Gars - Zum Jahrestag des verheerenden Erdbebens in Haiti wurde auch die große Spendenaktion des Gymnasiums in Gars beendet.

Der Jahrestag des großen Erdbebens in Haiti war am Gymnasium Gars Anlass, um kurz darauf die große Spendenaktion zu beenden, die Lehrer und Schüler gemeinsam initiiert hatten und die über mehrere Monate lief, unterstützt von einzelnen herausragend engagierten Lehrern und Schülern bis hinein in die Nachbarschulen in Haag. Kernidee war der Verkauf einer von Schülern mit Texten und Bildern gestalteten Broschüre für zehn Euro. Drei Sponsoren, die Druckerei Lanzinger, Sparkasse Wasserburg und Raiffeisenbank Haag-Gars-Maitenbeth finanzierten die Publikation und so kam der Verkaufserlös in vollem Umfang in den großen Spendentopf.

Es entspricht einer langjährigen Tradition der Schule, auf unterschiedlichste Art und Weise Menschen in Problemlagen und Notsituationen Hilfe zu leisten, es gibt dafür sogar eine eigene "Abteilung" innerhalb der SMV, nämlich den "AK Zeichen setzen". So wurden auch immer wieder engagierte und ehrgeizige Hilfsaktionen nach großen Naturkatastrophen ins Leben gerufen, wie eben auch nach dem Erdbeben in Haiti, prallel zu ständigen Hilfprojekten wie die Finanzierung von 25 Patenkindern, was Lehrer, Schüler und Eltern gemeinsam über die Hilfsorganisation "World Vision" seit vielen Jahren leisten.
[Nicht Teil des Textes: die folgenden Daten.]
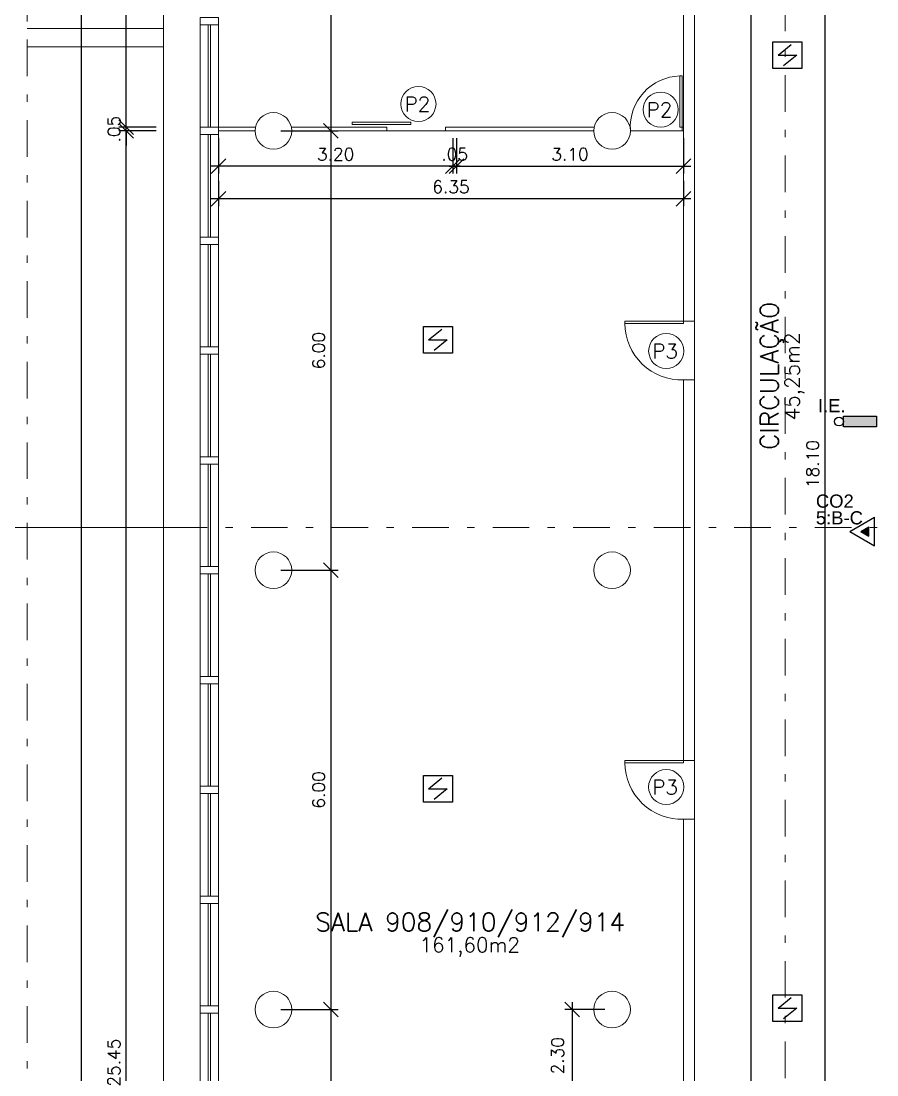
# Model space of a CAD drawing. Header units: millimetres. Extents: x 521 to 1055, y 261 to 520.
# Drawn here: x 698.43 to 710.12, y 404.35 to 418.75 of the extents above; entities that cross this region are included whole.
import ezdxf
from ezdxf.enums import TextEntityAlignment as Align

# ---------------------------------------------------------------- set-up
doc = ezdxf.new("R2010")
doc.units = ezdxf.units.MM
doc.linetypes.add('CONTINU', pattern=[0])
doc.linetypes.add('DASHDOTX2', pattern=[2, 1, -0.5, 0, -0.5])
doc.layers.add('0.1', color=8, linetype='Continuous', lineweight=13)
doc.layers.add('ppci', color=8, linetype='Continuous')
doc.styles.add('ROMANS', font='romans')
doc.styles.get("Standard").update_dxf_attribs({"font": 'romans.shx'})
doc.styles.add('STYLE1', font='sanss___.ttf')
doc.dimstyles.new('Fares Eng - 50', dxfattribs={"dimscale": 2, "dimtxt": 0.085, "dimasz": 0.1, "dimexe": 0.05, "dimexo": 0.05, "dimgap": 0.04, "dimtad": 1, "dimzin": 4, "dimdsep": 46, "dimtxsty": 'ROMANS', "dimblk1": 'OBLIQUE', "dimblk2": 'OBLIQUE', "dimsah": 1, "dimcen": 0.05, "dimdle": 0.05, "dimclrd": 8, "dimclre": 8, "dimclrt": 8, "dimaunit": 1, "dimadec": 0, "dimazin": 0, "dimtfac": 1, "dimtix": 1, "dimtmove": 2, "dimatfit": 0, "dimldrblk": 'OPEN90', "dimfxl": 1, "dimtolj": 1, "dimtzin": 0, "dimarcsym": 0})

# ---------------------------------------------------------------- blocks, each defined once
blk = doc.blocks.new('P80')
for points in [[(0, 0.86), (0, 0.83), (0.15, 0.83), (0.15, 0.86)], [(0, 0), (0, 0.03), (0.15, 0.03), (0.15, 0)]]:
    blk.add_lwpolyline(points)
blk.add_lwpolyline([(-0.8, 0.06), (0, 0.06), (0, 0.03), (-0.8, 0.03)], close=True)
at = {"color": 8}
blk.add_arc((-0.025, 0.056), 0.775, 88.1408, 179.6698, dxfattribs=at)
blk = doc.blocks.new('ÁREA')
for p in [(0.00005, 0.00376), (0, 0)]:
    blk.add_attdef('COMPARTIMENTO', text='', height=0.0025).set_placement(p, align=Align.CENTER)
at = {"color": 1}
for p in [(-0.00005, -0.00376), (-0.0001, -0.00752)]:
    blk.add_attdef('ÁREA', text='', height=0.002, dxfattribs=at).set_placement(p, align=Align.CENTER)
blk = doc.blocks.new('_OBLIQUE')
at = {"color": 0, "linetype": 'ByBlock'}
blk.add_line((-0.5, -0.5), (0.5, 0.5), dxfattribs=at)
blk = doc.blocks.new('*D484')
at = {"layer": '0.1', "color": 8, "linetype": 'CONTINU', "lineweight": -2, "transparency": 16777216}
for p, q in [((704.376, 417.146), (704.376, 416.663)), ((707.476, 417.146), (707.476, 416.663)), ((704.276, 416.763), (707.576, 416.763))]:
    blk.add_line(p, q, dxfattribs=at)
at = {"layer": 'DEFPOINTS', "color": 0, "linetype": 'CONTINU', "lineweight": -2, "transparency": 16777216}
for p in [(704.376, 417.246), (707.476, 417.246), (707.476, 416.763)]:
    blk.add_point(p, dxfattribs=at)
at = {"layer": '0.1', "color": 8, "linetype": 'CONTINU', "lineweight": -2, "transparency": 16777216, "xscale": 0.2, "yscale": 0.2, "zscale": 0.2, "rotation": 180}
blk.add_blockref('_OBLIQUE', (704.376, 416.763), dxfattribs=at)
at = {"layer": '0.1', "color": 8, "linetype": 'CONTINU', "lineweight": -2, "transparency": 16777216, "xscale": 0.2, "yscale": 0.2, "zscale": 0.2}
blk.add_blockref('_OBLIQUE', (707.476, 416.763), dxfattribs=at)
at = {"layer": '0.1', "color": 8, "linetype": 'CONTINU', "transparency": 16777216, "insert": (705.926, 416.928), "char_height": 0.17, "attachment_point": 5, "style": 'ROMANS'}
blk.add_mtext('\\A1;3.10', dxfattribs=at)
blk = doc.blocks.new('_Open90')
at = {"color": 0, "linetype": 'ByBlock', "lineweight": -2}
for p, q in [((0, 0), (-1, 0)), ((-0.5, 0.5), (0, 0)), ((0, 0), (-0.5, -0.5))]:
    blk.add_line(p, q, dxfattribs=at)
blk = doc.blocks.new('*D485')
at = {"layer": '0.1', "color": 8, "linetype": 'CONTINU', "lineweight": -2, "transparency": 16777216}
for p, q in [((704.326, 417.146), (704.326, 416.663)), ((704.376, 417.146), (704.376, 416.663)), ((704.326, 416.763), (704.126, 416.763)), ((704.376, 416.763), (704.326, 416.763)), ((704.376, 416.763), (704.576, 416.763))]:
    blk.add_line(p, q, dxfattribs=at)
at = {"layer": 'DEFPOINTS', "color": 0, "linetype": 'CONTINU', "lineweight": -2, "transparency": 16777216}
for p in [(704.326, 417.246), (704.376, 417.246), (704.326, 416.763)]:
    blk.add_point(p, dxfattribs=at)
at = {"layer": '0.1', "color": 8, "linetype": 'CONTINU', "lineweight": -2, "transparency": 16777216, "xscale": 0.2, "yscale": 0.2, "zscale": 0.2}
blk.add_blockref('_OBLIQUE', (704.326, 416.763), dxfattribs=at)
at = {"layer": '0.1', "color": 8, "linetype": 'CONTINU', "lineweight": -2, "transparency": 16777216, "xscale": 0.2, "yscale": 0.2, "zscale": 0.2, "rotation": 180}
blk.add_blockref('_OBLIQUE', (704.376, 416.763), dxfattribs=at)
at = {"layer": '0.1', "color": 8, "linetype": 'CONTINU', "transparency": 16777216, "insert": (704.351, 416.928), "char_height": 0.17, "attachment_point": 5, "style": 'ROMANS'}
blk.add_mtext('\\A1;.05', dxfattribs=at)
blk = doc.blocks.new('*D486')
at = {"layer": '0.1', "color": 8, "linetype": 'CONTINU', "lineweight": -2, "transparency": 16777216}
for p, q in [((701.126, 417.146), (701.126, 416.663)), ((704.326, 417.146), (704.326, 416.663)), ((704.426, 416.763), (701.026, 416.763))]:
    blk.add_line(p, q, dxfattribs=at)
at = {"layer": 'DEFPOINTS', "color": 0, "linetype": 'CONTINU', "lineweight": -2, "transparency": 16777216}
for p in [(701.126, 417.246), (704.326, 417.246), (701.126, 416.763)]:
    blk.add_point(p, dxfattribs=at)
at = {"layer": '0.1', "color": 8, "linetype": 'CONTINU', "lineweight": -2, "transparency": 16777216, "xscale": 0.2, "yscale": 0.2, "zscale": 0.2, "rotation": 180}
blk.add_blockref('_OBLIQUE', (701.126, 416.763), dxfattribs=at)
at = {"layer": '0.1', "color": 8, "linetype": 'CONTINU', "lineweight": -2, "transparency": 16777216, "xscale": 0.2, "yscale": 0.2, "zscale": 0.2}
blk.add_blockref('_OBLIQUE', (704.326, 416.763), dxfattribs=at)
at = {"layer": '0.1', "color": 8, "linetype": 'CONTINU', "transparency": 16777216, "insert": (702.726, 416.928), "char_height": 0.17, "attachment_point": 5, "style": 'ROMANS'}
blk.add_mtext('\\A1;3.20', dxfattribs=at)
blk = doc.blocks.new('*D528')
at = {"layer": '0.1', "color": 8, "linetype": 'CONTINU', "lineweight": -2, "transparency": 16777216}
for p, q in [((699.864, 391.696), (699.864, 417.346)), ((700.276, 417.246), (699.764, 417.246)), ((700.276, 391.796), (699.764, 391.796))]:
    blk.add_line(p, q, dxfattribs=at)
at = {"layer": 'DEFPOINTS', "color": 0, "linetype": 'CONTINU', "lineweight": -2, "transparency": 16777216}
for p in [(699.864, 417.246), (700.376, 417.246), (700.376, 391.796)]:
    blk.add_point(p, dxfattribs=at)
at = {"layer": '0.1', "color": 8, "linetype": 'CONTINU', "lineweight": -2, "transparency": 16777216, "xscale": 0.2, "yscale": 0.2, "zscale": 0.2}
for p, rotation in [((699.864, 417.246), 90), ((699.864, 391.796), 270)]:
    blk.add_blockref('_OBLIQUE', p, dxfattribs=dict(at, rotation=rotation))
at = {"layer": '0.1', "color": 8, "linetype": 'CONTINU', "transparency": 16777216, "insert": (699.699, 404.521), "char_height": 0.17, "attachment_point": 5, "rotation": 90, "style": 'ROMANS'}
blk.add_mtext('\\A1;25.45', dxfattribs=at)
blk = doc.blocks.new('*D529')
at = {"layer": '0.1', "color": 8, "linetype": 'CONTINU', "lineweight": -2, "transparency": 16777216}
for p, q in [((699.864, 417.296), (699.864, 417.496)), ((700.276, 417.296), (699.764, 417.296)), ((699.864, 417.246), (699.864, 417.296)), ((700.276, 417.246), (699.764, 417.246)), ((699.864, 417.246), (699.864, 417.046))]:
    blk.add_line(p, q, dxfattribs=at)
at = {"layer": 'DEFPOINTS', "color": 0, "linetype": 'CONTINU', "lineweight": -2, "transparency": 16777216}
for p in [(699.864, 417.296), (700.376, 417.296), (700.376, 417.246)]:
    blk.add_point(p, dxfattribs=at)
at = {"layer": '0.1', "color": 8, "linetype": 'CONTINU', "lineweight": -2, "transparency": 16777216, "xscale": 0.2, "yscale": 0.2, "zscale": 0.2}
for p, rotation in [((699.864, 417.296), 270), ((699.864, 417.246), 90)]:
    blk.add_blockref('_OBLIQUE', p, dxfattribs=dict(at, rotation=rotation))
at = {"layer": '0.1', "color": 8, "linetype": 'CONTINU', "transparency": 16777216, "insert": (699.699, 417.271), "char_height": 0.17, "attachment_point": 5, "rotation": 90, "style": 'ROMANS'}
blk.add_mtext('\\A1;.05', dxfattribs=at)
blk = doc.blocks.new('*D530')
at = {"layer": '0.1', "color": 8, "linetype": 'CONTINU', "lineweight": -2, "transparency": 16777216}
for p, q in [((699.864, 417.196), (699.864, 420.146)), ((700.276, 420.046), (699.764, 420.046)), ((700.276, 417.296), (699.764, 417.296))]:
    blk.add_line(p, q, dxfattribs=at)
at = {"layer": 'DEFPOINTS', "color": 0, "linetype": 'CONTINU', "lineweight": -2, "transparency": 16777216}
for p in [(699.864, 420.046), (700.376, 420.046), (700.376, 417.296)]:
    blk.add_point(p, dxfattribs=at)
at = {"layer": '0.1', "color": 8, "linetype": 'CONTINU', "lineweight": -2, "transparency": 16777216, "xscale": 0.2, "yscale": 0.2, "zscale": 0.2}
for p, rotation in [((699.864, 420.046), 90), ((699.864, 417.296), 270)]:
    blk.add_blockref('_OBLIQUE', p, dxfattribs=dict(at, rotation=rotation))
at = {"layer": '0.1', "color": 8, "linetype": 'CONTINU', "transparency": 16777216, "insert": (699.664, 419.127), "char_height": 0.17, "attachment_point": 5, "rotation": 90, "style": 'ROMANS'}
blk.add_mtext('\\A1;2.75', dxfattribs=at)
blk = doc.blocks.new('*D534')
at = {"layer": '0.1', "color": 8, "linetype": 'CONTINU', "lineweight": -2, "transparency": 16777216}
for p, q in [((699.256, 374.146), (699.256, 424.346)), ((699.664, 424.246), (699.156, 424.246)), ((699.664, 374.246), (699.156, 374.246))]:
    blk.add_line(p, q, dxfattribs=at)
at = {"layer": 'DEFPOINTS', "color": 0, "linetype": 'CONTINU', "lineweight": -2, "transparency": 16777216}
for p in [(699.256, 424.246), (699.764, 424.246), (699.764, 374.246)]:
    blk.add_point(p, dxfattribs=at)
at = {"layer": '0.1', "color": 8, "linetype": 'CONTINU', "lineweight": -2, "transparency": 16777216, "xscale": 0.2, "yscale": 0.2, "zscale": 0.2}
for p, rotation in [((699.256, 424.246), 90), ((699.256, 374.246), 270)]:
    blk.add_blockref('_OBLIQUE', p, dxfattribs=dict(at, rotation=rotation))
at = {"layer": '0.1', "color": 8, "linetype": 'CONTINU', "transparency": 16777216, "insert": (699.091, 399.246), "char_height": 0.17, "attachment_point": 5, "rotation": 90, "style": 'ROMANS'}
blk.add_mtext('\\A1;50.00', dxfattribs=at)
blk = doc.blocks.new('*D603')
at = {"layer": '0.1', "color": 8, "linetype": 'CONTINU', "lineweight": -2, "transparency": 16777216}
for p, q in [((702.659, 423.346), (702.659, 417.146)), ((701.976, 423.246), (702.759, 423.246)), ((701.976, 417.246), (702.759, 417.246))]:
    blk.add_line(p, q, dxfattribs=at)
at = {"layer": 'DEFPOINTS', "color": 0, "linetype": 'CONTINU', "lineweight": -2, "transparency": 16777216}
for p in [(701.876, 423.246), (701.876, 417.246), (702.659, 417.246)]:
    blk.add_point(p, dxfattribs=at)
at = {"layer": '0.1', "color": 8, "linetype": 'CONTINU', "lineweight": -2, "transparency": 16777216, "xscale": 0.2, "yscale": 0.2, "zscale": 0.2}
for p, rotation in [((702.659, 423.246), 90), ((702.659, 417.246), 270)]:
    blk.add_blockref('_OBLIQUE', p, dxfattribs=dict(at, rotation=rotation))
at = {"layer": '0.1', "color": 8, "linetype": 'CONTINU', "transparency": 16777216, "insert": (702.494, 420.246), "char_height": 0.17, "attachment_point": 5, "rotation": 90, "style": 'ROMANS'}
blk.add_mtext('\\A1;6.00', dxfattribs=at)
blk = doc.blocks.new('*D604')
at = {"layer": '0.1', "color": 8, "linetype": 'CONTINU', "lineweight": -2, "transparency": 16777216}
for p, q in [((702.659, 417.346), (702.659, 411.146)), ((701.976, 417.246), (702.759, 417.246)), ((701.976, 411.246), (702.759, 411.246))]:
    blk.add_line(p, q, dxfattribs=at)
at = {"layer": 'DEFPOINTS', "color": 0, "linetype": 'CONTINU', "lineweight": -2, "transparency": 16777216}
for p in [(701.876, 417.246), (701.876, 411.246), (702.659, 411.246)]:
    blk.add_point(p, dxfattribs=at)
at = {"layer": '0.1', "color": 8, "linetype": 'CONTINU', "lineweight": -2, "transparency": 16777216, "xscale": 0.2, "yscale": 0.2, "zscale": 0.2}
for p, rotation in [((702.659, 417.246), 90), ((702.659, 411.246), 270)]:
    blk.add_blockref('_OBLIQUE', p, dxfattribs=dict(at, rotation=rotation))
at = {"layer": '0.1', "color": 8, "linetype": 'CONTINU', "transparency": 16777216, "insert": (702.494, 414.246), "char_height": 0.17, "attachment_point": 5, "rotation": 90, "style": 'ROMANS'}
blk.add_mtext('\\A1;6.00', dxfattribs=at)
blk = doc.blocks.new('*D605')
at = {"layer": '0.1', "color": 8, "linetype": 'CONTINU', "lineweight": -2, "transparency": 16777216}
for p, q in [((701.976, 411.246), (702.759, 411.246)), ((702.659, 411.346), (702.659, 405.146)), ((701.976, 405.246), (702.759, 405.246))]:
    blk.add_line(p, q, dxfattribs=at)
at = {"layer": 'DEFPOINTS', "color": 0, "linetype": 'CONTINU', "lineweight": -2, "transparency": 16777216}
for p in [(701.876, 411.246), (701.876, 405.246), (702.659, 405.246)]:
    blk.add_point(p, dxfattribs=at)
at = {"layer": '0.1', "color": 8, "linetype": 'CONTINU', "lineweight": -2, "transparency": 16777216, "xscale": 0.2, "yscale": 0.2, "zscale": 0.2}
for p, rotation in [((702.659, 411.246), 90), ((702.659, 405.246), 270)]:
    blk.add_blockref('_OBLIQUE', p, dxfattribs=dict(at, rotation=rotation))
at = {"layer": '0.1', "color": 8, "linetype": 'CONTINU', "transparency": 16777216, "insert": (702.494, 408.246), "char_height": 0.17, "attachment_point": 5, "rotation": 90, "style": 'ROMANS'}
blk.add_mtext('\\A1;6.00', dxfattribs=at)
blk = doc.blocks.new('*D606')
at = {"layer": '0.1', "color": 8, "linetype": 'CONTINU', "lineweight": -2, "transparency": 16777216}
for p, q in [((702.659, 405.346), (702.659, 399.146)), ((701.976, 405.246), (702.759, 405.246)), ((701.976, 399.246), (702.759, 399.246))]:
    blk.add_line(p, q, dxfattribs=at)
at = {"layer": 'DEFPOINTS', "color": 0, "linetype": 'CONTINU', "lineweight": -2, "transparency": 16777216}
for p in [(701.876, 405.246), (701.876, 399.246), (702.659, 399.246)]:
    blk.add_point(p, dxfattribs=at)
at = {"layer": '0.1', "color": 8, "linetype": 'CONTINU', "lineweight": -2, "transparency": 16777216, "xscale": 0.2, "yscale": 0.2, "zscale": 0.2}
for p, rotation in [((702.659, 405.246), 90), ((702.659, 399.246), 270)]:
    blk.add_blockref('_OBLIQUE', p, dxfattribs=dict(at, rotation=rotation))
at = {"layer": '0.1', "color": 8, "linetype": 'CONTINU', "transparency": 16777216, "insert": (702.494, 402.246), "char_height": 0.17, "attachment_point": 5, "rotation": 90, "style": 'ROMANS'}
blk.add_mtext('\\A1;6.00', dxfattribs=at)
blk = doc.blocks.new('*D612')
at = {"layer": '0.1', "color": 8, "linetype": 'CONTINU', "lineweight": -2, "transparency": 16777216}
for p, q in [((705.957, 405.346), (705.957, 402.846)), ((706.401, 405.246), (705.857, 405.246)), ((706.401, 402.946), (705.857, 402.946))]:
    blk.add_line(p, q, dxfattribs=at)
at = {"layer": 'DEFPOINTS', "color": 0, "linetype": 'CONTINU', "lineweight": -2, "transparency": 16777216}
for p in [(706.501, 405.246), (705.957, 402.946), (706.501, 402.946)]:
    blk.add_point(p, dxfattribs=at)
at = {"layer": '0.1', "color": 8, "linetype": 'CONTINU', "lineweight": -2, "transparency": 16777216, "xscale": 0.2, "yscale": 0.2, "zscale": 0.2}
for p, rotation in [((705.957, 405.246), 90), ((705.957, 402.946), 270)]:
    blk.add_blockref('_OBLIQUE', p, dxfattribs=dict(at, rotation=rotation))
at = {"layer": '0.1', "color": 8, "linetype": 'CONTINU', "transparency": 16777216, "insert": (705.757, 404.615), "char_height": 0.17, "attachment_point": 5, "rotation": 90, "style": 'ROMANS'}
blk.add_mtext('\\A1;2.30', dxfattribs=at)
blk = doc.blocks.new('*D616')
at = {"layer": '0.1', "color": 8, "linetype": 'CONTINU', "lineweight": -2, "transparency": 16777216}
for p, q in [((707.826, 421.746), (708.495, 421.746)), ((708.395, 421.846), (708.395, 376.646)), ((707.826, 376.746), (708.495, 376.746))]:
    blk.add_line(p, q, dxfattribs=at)
at = {"layer": 'DEFPOINTS', "color": 0, "linetype": 'CONTINU', "lineweight": -2, "transparency": 16777216}
for p in [(707.726, 421.746), (707.726, 376.746), (708.395, 376.746)]:
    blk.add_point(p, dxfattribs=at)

Als nun diese Woche Oliver Müller als Vertreter von "World Vision" den Scheck über 8600 Euro erhielt, war diese Überreichung gleichzeitig der Start für neue Patenschaften der Schüler der 5. Klassen. Ihnen und einigen ihrer Eltern stellte Oliver Müller die Patenkinder aus Bangladesh, Peru, Tansania und Vietnam vor und erläuterte ihnen generell, wie mit dem Patenkind-System Hilfe zur Selbsthilfe geleistet wird.

Es kann auch nicht schaden, sich in den Zeiten des oft gescholtenen "G8" immer wieder einmal bewusst zu machen, dass es zahllose Kinder auf der Welt gibt, die froh sind oder wären, überhaupt in eine Schule gehen zu können, selbst wenn man kein Dach über dem Kopf hat und diese unter freiem Himmel stattfindet. So sind es auch nach dem Erdbeben in Haiti gerade die Kinder, die dringend der Hilfe bedürfen, damit aus ihnen keine "verlorene Generation" wird.